Der einzige Unterschied ist das ein HUB auf Layer 1 weiterleitet und ein Router auf Layer 3 und das der Router "intelligent" weiterleitet. Aber auf die Schichten bezogen haben sie die gleiche Funktion!



> _Original geschrieben von FrankO _
> *es handelt sich bei den DSL-Routern um Switches, die einfach an einem Port routen....und zwar meist nur ein oder 2 Protokolle. Also mit "echten" Routern haben sie erst mal nicht viel gemeinsam.  *



Und jetzt erklär mir mal wie ein Switch routen kann? Ein Switch bekommt von IP Adressen nichts mit, da diese auf Layer 2 wo ein Switch arbeitet nicht zu verarbeiten sind und somit kann er auch keine Routingentscheidungen treffen.

Es gibt Layer 3 Switches, die wenn sie ihre Routen kennen auf Layer 2 runterschalten und dann mit hilfe von Arp weiterleien, das ist aber auch alles.
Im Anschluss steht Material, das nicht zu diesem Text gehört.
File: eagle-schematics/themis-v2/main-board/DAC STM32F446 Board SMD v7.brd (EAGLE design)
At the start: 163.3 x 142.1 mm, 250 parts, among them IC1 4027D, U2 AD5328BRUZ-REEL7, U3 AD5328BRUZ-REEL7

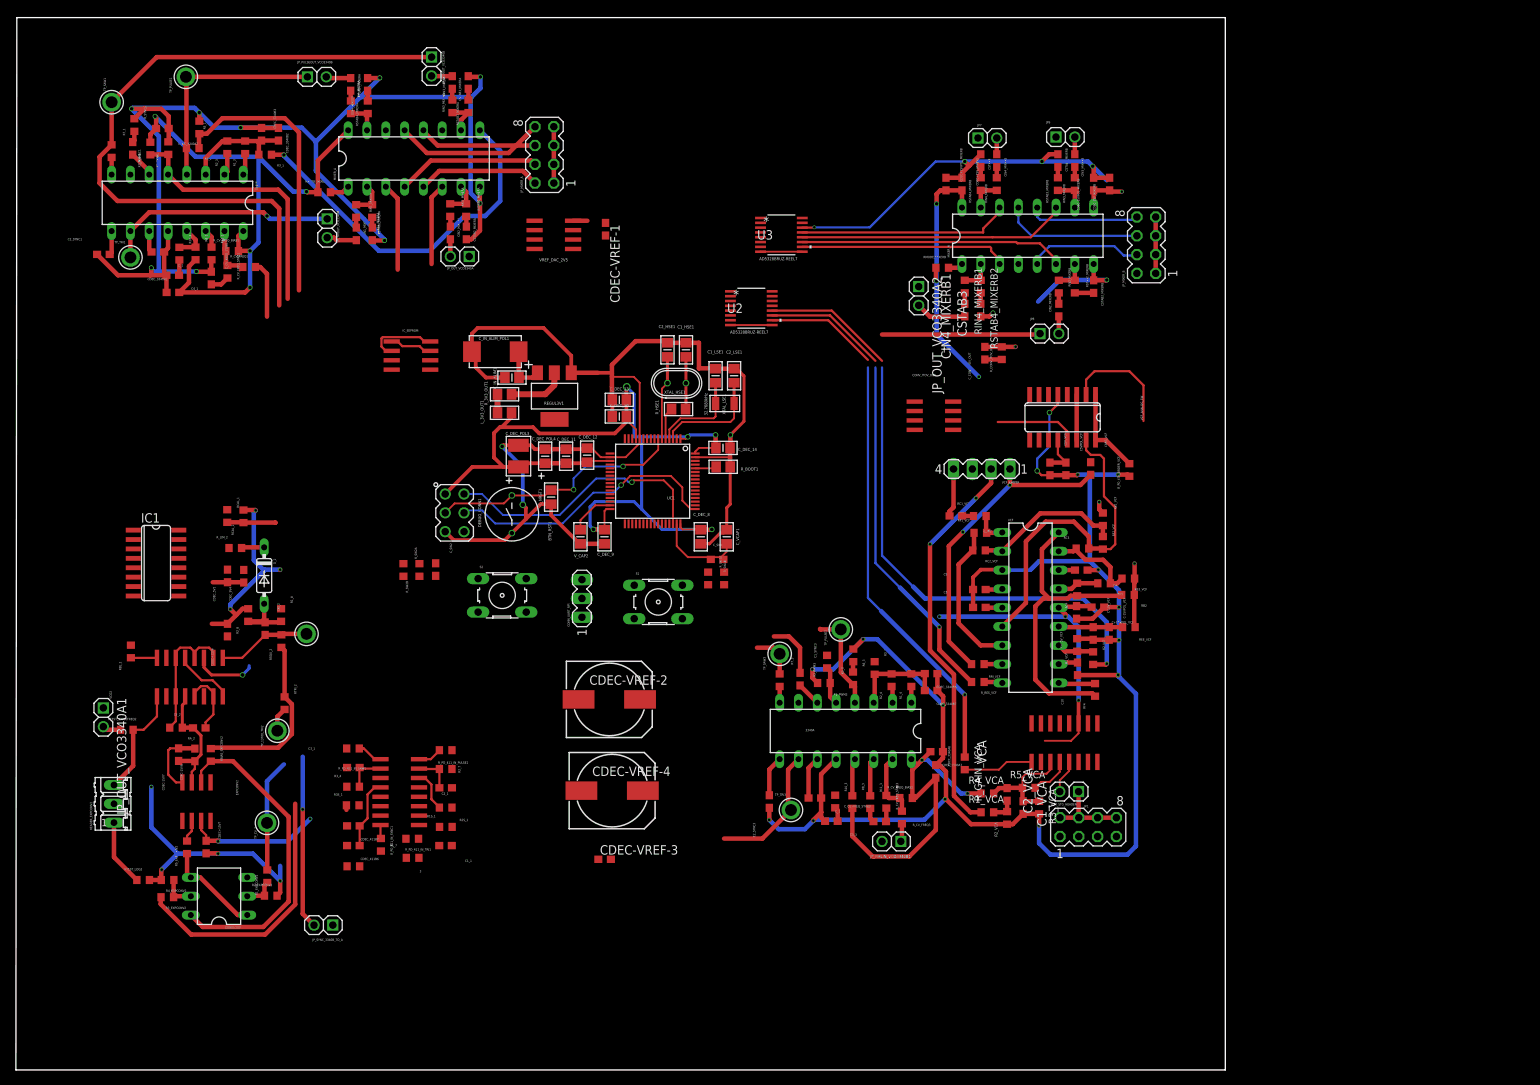
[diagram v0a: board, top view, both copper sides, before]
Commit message: started PCB routing with F446
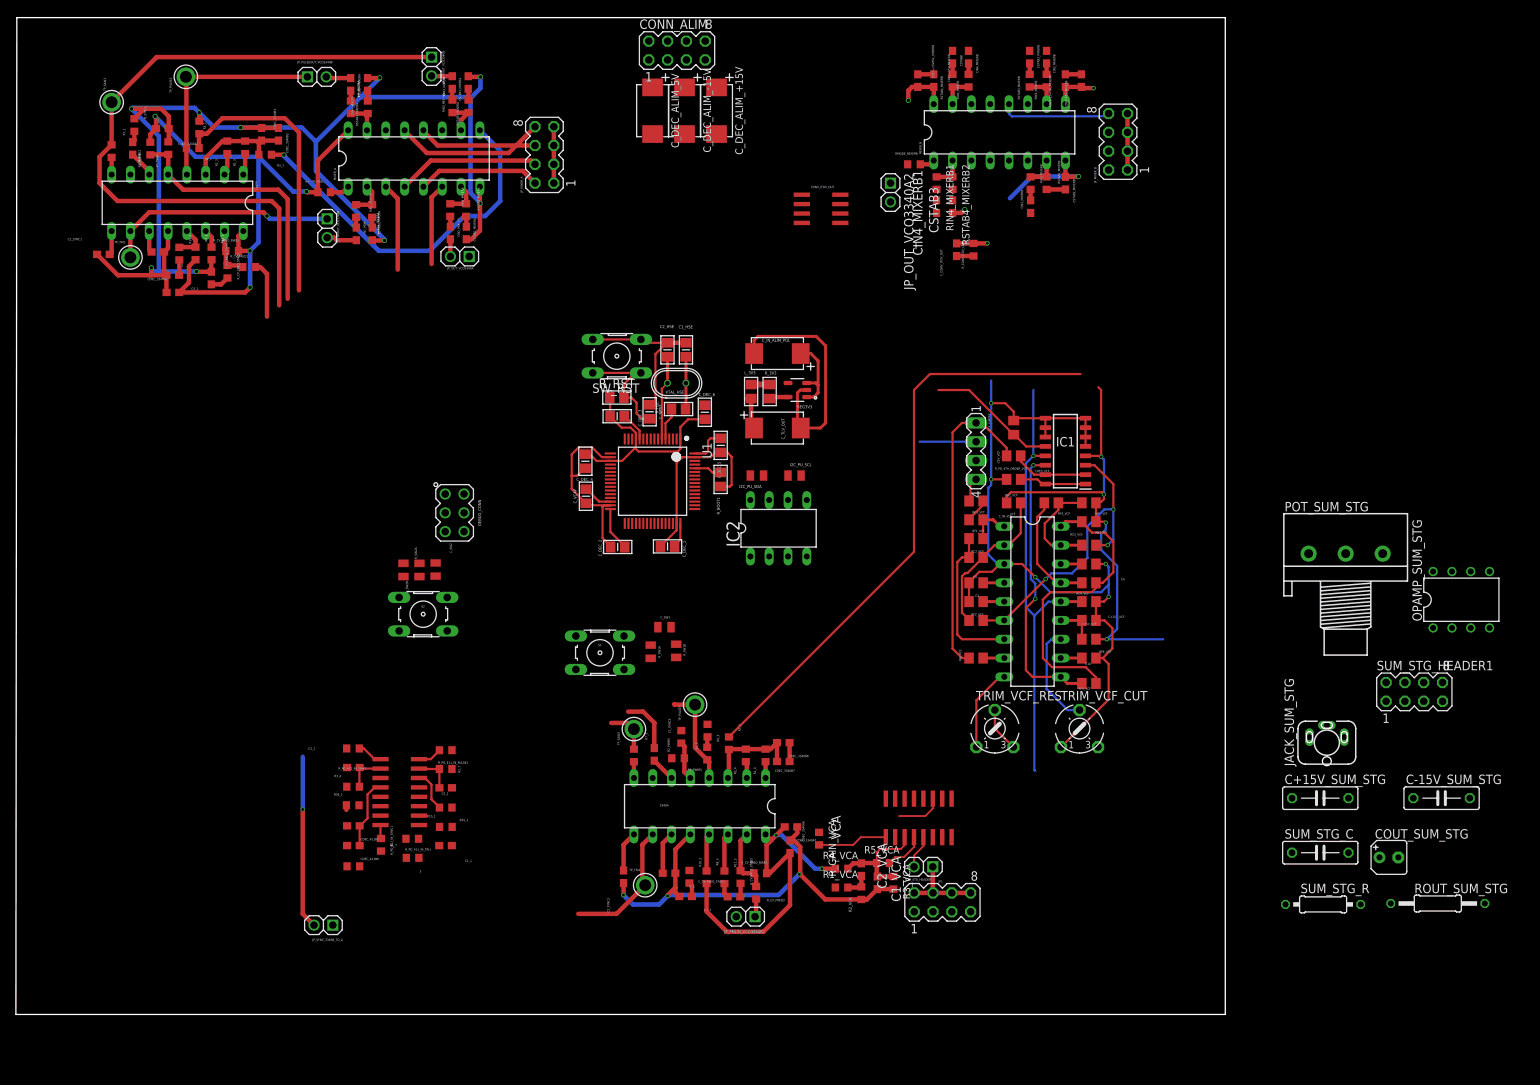
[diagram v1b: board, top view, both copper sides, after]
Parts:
- removed BTN_RST1: BUTTON-FSM14JRT, MyComponents:BUTTON-FSM14JRT
- removed C+15VPOL_VCF, C-15VPOL_VCF: 1u, rcl:C0603
- removed C1_LSE1, C2_LSE1: 22pF, MyComponents:C0805
- removed C5VPOL_VCF, CDEC+15V6, CDEC+15V7, CDEC-15V6, CDEC-15V7, CDEC-VREF-1, CDEC-VREF-3, CDEC_5V4: 100n, rcl:C0603
- removed CDEC-VREF-2: 10u, rcl:140CLH-1014
- removed CDEC-VREF-4: 100u, rcl:140CLH-1014
- removed CDEC_5V1: 10u, rcl:C0603
- removed CF_2: 100nF, rcl:C0603
- removed CIN_2, C_IN2: 470n, rcl:C0603
- removed CONN_UART_RPI: (no value), con-lstb:MA03-1
- removed CONVLOG2: BC857BS, paires_diff:DIL06
- removed C_DEC_10, C_DEC_12, C_DEC_14, C_DEC_8, C_DEC_9, C_IN_ALIM1, C_NRST1: 0.1uF, MyComponents:C0805
- removed C_DEC_11: 4.7uF, MyComponents:C0805
- removed C_DEC_13: 1.0uF, MyComponents:C0805
- removed C_DEC_POL3: 100 uF, MyComponents:CPOL1311
- removed C_DEC_POL4: 47 uF, MyComponents:CPOL0805
- removed C_IN_ALIM_POL1: 470 uF, MyComponents:CPOL2917
- removed C_VCAP1, V_CAP2: 2.2uF, MyComponents:C0805
- removed D_2: 1N4148DO35-7, diode:DO35-7
- removed EXPCONV2: TL081, linear:SO08
- removed HEADER_EXPCONV2: (no value), con-amp-quick:03P
- removed IC_EEPROM: 24C04ASN, microchip:SO-08
- removed JP7, JP8, JP9, JP_OUT_VCO3340A1: JUMPER, 6P1_EVB:HDR2X1
- removed L_3V3_OUT1: 1 uH, MyComponents:L0805
- removed R1_8, R2_8, R2_VCF, RCAL_2, RF3, RF4, R_RES_VCF: 100k, rcl:R0603
- removed R1_EXPCONV2: 330, rcl:R0603
- removed R1_VCF, RSQU_2: 10k, rcl:R0603
- removed R2_EXPCONV2, R4_EXPCONV2: 10, rcl:R0603
- removed R3_EXPCONV2: 260, rcl:R0603
- removed R5_EXPCONV2: 110, rcl:R0603
- removed RA_2: 4.7k, rcl:R0603
- removed RB2: 220k, rcl:R0603
- removed RBIAS_EXPCONV2, RCAL_1: 47k, rcl:R0603
- removed RC3, RC4: 91k, rcl:R0603
- removed REE_2, RTEST_13700FREQ2: 27k, rcl:R0603
- removed REGUL3V1: REG1117, MyComponents:SOT223
- removed RTEST_LOG2, R_LIM_2: 1k, rcl:R0603
- removed RTRI_2: 12k, rcl:R0603
- removed R_3V3_OUT1: 1, MyComponents:R0805
- removed TP_13700_SQU2, TP_13700_TRI2, TP_CV_2: (no value), 6P1_EVB:TESTPOINT_63
- removed U2, U3: AD5328BRUZ-REEL7, AD5328:RU_16
- removed UC1: STM32F405RG, stm32:LQFP64
- removed VCF_ANALOG_SW: DG413DJD, linear:SO16
- removed VCO2: LM13700M, ota:SO16
- removed VREF_DAC_2V5: AD780R, analog-devices:SO8
- removed XTAL_LSE1: 32.7680kHz, MyComponents:Q-CM7V-T1A
- added C+15V_SUM_STG, C-15V_SUM_STG: 100n, rcl:C075-032X103
- added CONN_ALIM, SUM_STG_HEADER1: (no value), con-lstb:MA04-2
- added COUT_SUM_STG: 22u, resistor:B45181A
- added C_DEC_1, C_DEC_2, C_DEC_3, C_DEC_4, C_DEC_5, C_NRST: 0.1uF, MyComponents:C0805
- added C_DEC_6: 1.0uF, MyComponents:C0805
- added C_DEC_ALIM_+15V, C_DEC_ALIM_-15V, C_DEC_ALIM_5V, C_IN_ALIM_POL: 10u, MyComponents:CPOL2917
- added C_IN_VCF: 470n, rcl:C0805
- added C_TLV_OUT: 100 uF, MyComponents:CPOL2917
- added C_VCAP: 2.2uF, MyComponents:C0805
- added I2C_PU_SCL, I2C_PU_SDA: 1k, 6P1_EVB:R0805
- added IC2: 24C04AP, microchip:DIL8
- added JACK_SUM_STG: 1502_01, con-lumberg:1502_01
- added L_3V3: 1 uH, MyComponents:L0805
- added OPAMP_SUM_STG: NE5534AN, linear:DIL08
- added POT_SUM_STG: 100kB, pot:3RP/1610N
- added RB2_VCF: 220k, rcl:R0805
- added RC3_VCF, RC4_VCF: 91k, rcl:R0805
- added REG3V3: TLV75533PDBVR, TLV75533PDBVR:SOT95P280X145-5N
- added RF3_VCF, RF4_VCF: 100k, rcl:R0805
- added ROUT_SUM_STG: 470, rcl:0207/12
- added R_3V3: 1, MyComponents:R0805
- added R_RST: 100k, MyComponents:R0805
- added SUM_STG_C: 560p, rcl:C075-032X103
- added SUM_STG_R: 27k, rcl:0207/10
- added SW_RST: (no value), switch-omron:B3F-10XX
- added TRIM_VCF_CUT, TRIM_VCF_RES: 100k, adafruit:6MM
- added U1: STM32F446RCT7, STM32F446RCT7:QFP50P1200X1200X160-64N
- C+15V_VCF, C-15V_VCF, C10, C3, C4, C5, C5V_VCF, CRES_VCF: device rcl:C0603 -> rcl:C0805
- C_SW1, C_SW2: device 6P1_EVB:C0603 -> 6P1_EVB:C0805
- IC1: value 4027D -> ADG453BRZ; device 40xx:SO16 -> ADG453BRZ:SOIC127P600X175-16N
- RB1_VCF, RB3_VCF, RC1_VCF, RC2_VCF, REE_VCF, RF1_VCF, RF2_VCF, RRI_VCF, R_PD_4TH_ORDER_VCF: device rcl:R0603 -> rcl:R0805
- R_SW1A, R_SW1B, R_SW2A, R_SW2B: device 6P1_EVB:R0603 -> 6P1_EVB:R0805
- moved IC1 123.7 mm to (141.6, 76.2), turned to 180 degrees
- moved CONV_ITOV_OUT 31.8 mm to (108.6, 108.9)
- moved JP1 22.2 mm to (123.7, 20.1)
- moved R1_4 22.2 mm to (101.1, 35.1)
- moved R1_PWM3 22.2 mm to (89.3, 34.7)
- moved R2_4 22.2 mm to (98.4, 35.1)
- moved R7_3 22.2 mm to (83.3, 35.1)
- moved 3340A 22.2 mm to (92.2, 28.2)
- moved C2_SYNC3 22.2 mm to (81.9, 18.7)
- moved C4_3 22.2 mm to (90.3, 16.1)
- moved CDEC_3340A6 22.2 mm to (104.4, 22.8)
- moved CDEC_3340A7 22.2 mm to (104.5, 25.5)
- moved C_3 22.2 mm to (88.1, 19.2)
- moved C_CV_FREQ_STAB3 22.2 mm to (96.8, 16.0)
- moved JP_FMLIN_VCO3340B1 22.2 mm to (99.7, 13.3)
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- renumbered C1_HSE1 to C1_HSE, C2_HSE1 to C2_HSE, DEBUG_CONN1 to DEBUG_CONN, R_HSE1 to R_HSE, XTAL_HSE1 to XTAL_HSE
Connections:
- removed net ALIM_CONN: C_IN_ALIM1.1, C_IN_ALIM_POL1.+, REGUL3V1.3
- removed net BIAS_4027_VCO13700: CIN_2.1, D_2.A, R1_8.2, R2_8.1
- removed net CALIB_13700: RCAL_1.2, RCAL_2.1
- removed net CV_FREQ_13700: R1_EXPCONV2.2, TP_CV_2.P$1, U2.6
- removed net DAC_LDAC: U2.1, U3.1
- removed net DAC_SYNC_CV: U2.2
- removed net DAC_SYNC_GAIN: U3.2
- removed net FM_ENTREE_13700_VCO13700: HEADER_EXPCONV2.3, RTEST_13700FREQ2.2, VCO2.1
- removed net IA_VCO13700: REE_2.1, VCO2.16
- removed net INPUT_FM_3340: JP_OUT_VCO3340A1.2, RTEST_13700FREQ2.1
- removed net N$105: C2_HSE.2, UC1.6, XTAL_HSE.2
- removed net N$106: R_HSE.1, UC1.5
- removed net N$113: CRES_VCF.1, VCF_ANALOG_SW.14, VCF_ANALOG_SW.3
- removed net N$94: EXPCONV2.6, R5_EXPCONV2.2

Und was ist bitte ein "richtiger Router"? Routing findet immer auf Layer3 statt. Darüber sind z.B. Proxys etc.

Greetz...
Sinac


----------



## FrankO (11. Juni 2004)

Ein Hub verbindet einfach alle Ports und gibt die Signale auch an alles Ports weiter...Layer 1und 2, bin ich einverstanden.
Ein Switch speichert zusätzlich die Mac Adressen und kann auf Layer 3 und 4 Ebene (wenn ers denn kann) verschiedene Dienste bevorzugen.
Ein "richtiger" Router verbindet einfach verschiedene IP Netze, d.h. er arbeitet *ab* Layer3, auch wenn beim Routen die MAC Adresse des Routers zurückgeliefert wird (mittlerweile eigentlich die MAC-Adresse des Switches).
Routing und Switching sind völlig unterschiedliche Praktiken, daß man das jetzt in Routingswitchen miteinander verknüpft hat einfach nur Geschwindigkeits- und Platzgründe. 

Aber ein Router und ein Hub sind und bleiben verschieden ;-)
Hubs und Switches verbinden die einzelnen Rechner zu einem flachen Netz und nur ein Router kann auf logischer Ebene arbeiten....aber er verbindet nix!
jedenfalls nicht physikalisch. In der Regel handeln das Switches über Trunkverbindungen oder direkt über ihre Backplane ab. 

DSL Router sind Switches die ein logisches  Interface besitzen, Routing Switches und "richtige" Router haben in der Regel 255 oder mehr. DSL Router können also nur auf einem Port  ihre Pakete absetzen, reicht ja für DSL aber ein Netzwerkrouter ist was anderes.

Du hast es ja bereits gesagt wie kann ein Switch routen - gar nicht und erst recht nicht ein Hub.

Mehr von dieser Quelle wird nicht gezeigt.